↓↓↓

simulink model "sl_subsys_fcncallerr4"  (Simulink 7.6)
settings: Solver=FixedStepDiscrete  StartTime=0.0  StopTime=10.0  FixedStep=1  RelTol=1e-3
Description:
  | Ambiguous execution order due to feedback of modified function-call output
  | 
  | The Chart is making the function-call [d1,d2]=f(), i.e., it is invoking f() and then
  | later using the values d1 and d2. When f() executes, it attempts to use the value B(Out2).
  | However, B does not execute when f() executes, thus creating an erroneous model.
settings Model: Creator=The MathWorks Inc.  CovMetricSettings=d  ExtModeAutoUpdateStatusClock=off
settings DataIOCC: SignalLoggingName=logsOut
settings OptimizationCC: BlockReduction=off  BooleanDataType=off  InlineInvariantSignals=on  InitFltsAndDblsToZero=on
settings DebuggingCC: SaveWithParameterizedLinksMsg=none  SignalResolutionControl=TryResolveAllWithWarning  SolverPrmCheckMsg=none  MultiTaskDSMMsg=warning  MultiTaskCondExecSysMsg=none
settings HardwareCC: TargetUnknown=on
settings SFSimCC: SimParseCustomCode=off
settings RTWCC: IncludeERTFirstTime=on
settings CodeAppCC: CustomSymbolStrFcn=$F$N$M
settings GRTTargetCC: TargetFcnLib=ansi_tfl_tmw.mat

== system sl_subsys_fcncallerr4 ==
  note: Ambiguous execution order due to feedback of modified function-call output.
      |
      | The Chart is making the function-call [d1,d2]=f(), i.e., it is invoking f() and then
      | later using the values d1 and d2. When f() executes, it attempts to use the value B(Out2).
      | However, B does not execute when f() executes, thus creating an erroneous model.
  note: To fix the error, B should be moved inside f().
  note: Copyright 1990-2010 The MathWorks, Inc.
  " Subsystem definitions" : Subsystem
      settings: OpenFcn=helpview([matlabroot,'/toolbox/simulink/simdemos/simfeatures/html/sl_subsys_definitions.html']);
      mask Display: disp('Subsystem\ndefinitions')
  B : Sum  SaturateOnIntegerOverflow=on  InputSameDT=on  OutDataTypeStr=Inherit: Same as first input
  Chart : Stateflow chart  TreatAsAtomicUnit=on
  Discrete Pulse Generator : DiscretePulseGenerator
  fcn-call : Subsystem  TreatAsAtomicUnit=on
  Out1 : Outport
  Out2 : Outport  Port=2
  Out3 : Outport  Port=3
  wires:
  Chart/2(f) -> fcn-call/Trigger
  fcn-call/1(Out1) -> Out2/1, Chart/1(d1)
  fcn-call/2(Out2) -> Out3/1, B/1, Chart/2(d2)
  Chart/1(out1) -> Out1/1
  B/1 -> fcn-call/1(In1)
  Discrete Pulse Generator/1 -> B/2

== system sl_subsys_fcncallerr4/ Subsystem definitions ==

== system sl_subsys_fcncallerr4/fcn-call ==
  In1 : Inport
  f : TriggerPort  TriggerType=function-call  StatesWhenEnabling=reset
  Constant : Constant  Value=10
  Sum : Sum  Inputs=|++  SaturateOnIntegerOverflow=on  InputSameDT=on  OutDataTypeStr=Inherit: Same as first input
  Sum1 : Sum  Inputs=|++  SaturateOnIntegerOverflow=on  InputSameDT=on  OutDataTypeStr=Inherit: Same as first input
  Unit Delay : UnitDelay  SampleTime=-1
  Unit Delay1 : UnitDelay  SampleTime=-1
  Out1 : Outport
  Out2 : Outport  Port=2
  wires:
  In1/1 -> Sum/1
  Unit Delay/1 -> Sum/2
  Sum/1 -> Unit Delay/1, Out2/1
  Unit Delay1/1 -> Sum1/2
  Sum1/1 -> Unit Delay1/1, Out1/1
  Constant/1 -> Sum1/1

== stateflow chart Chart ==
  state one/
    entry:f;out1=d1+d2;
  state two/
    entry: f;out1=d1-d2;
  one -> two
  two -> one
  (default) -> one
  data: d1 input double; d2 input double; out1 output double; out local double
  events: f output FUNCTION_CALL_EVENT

↑↑↑

Work to be completed: Whenever a line of the data above includes the word "values", copy that line.

Written solution:
  | later using the values d1 and d2. When f() executes, it attempts to use the value B(Out2).
      | later using the values d1 and d2. When f() executes, it attempts to use the value B(Out2).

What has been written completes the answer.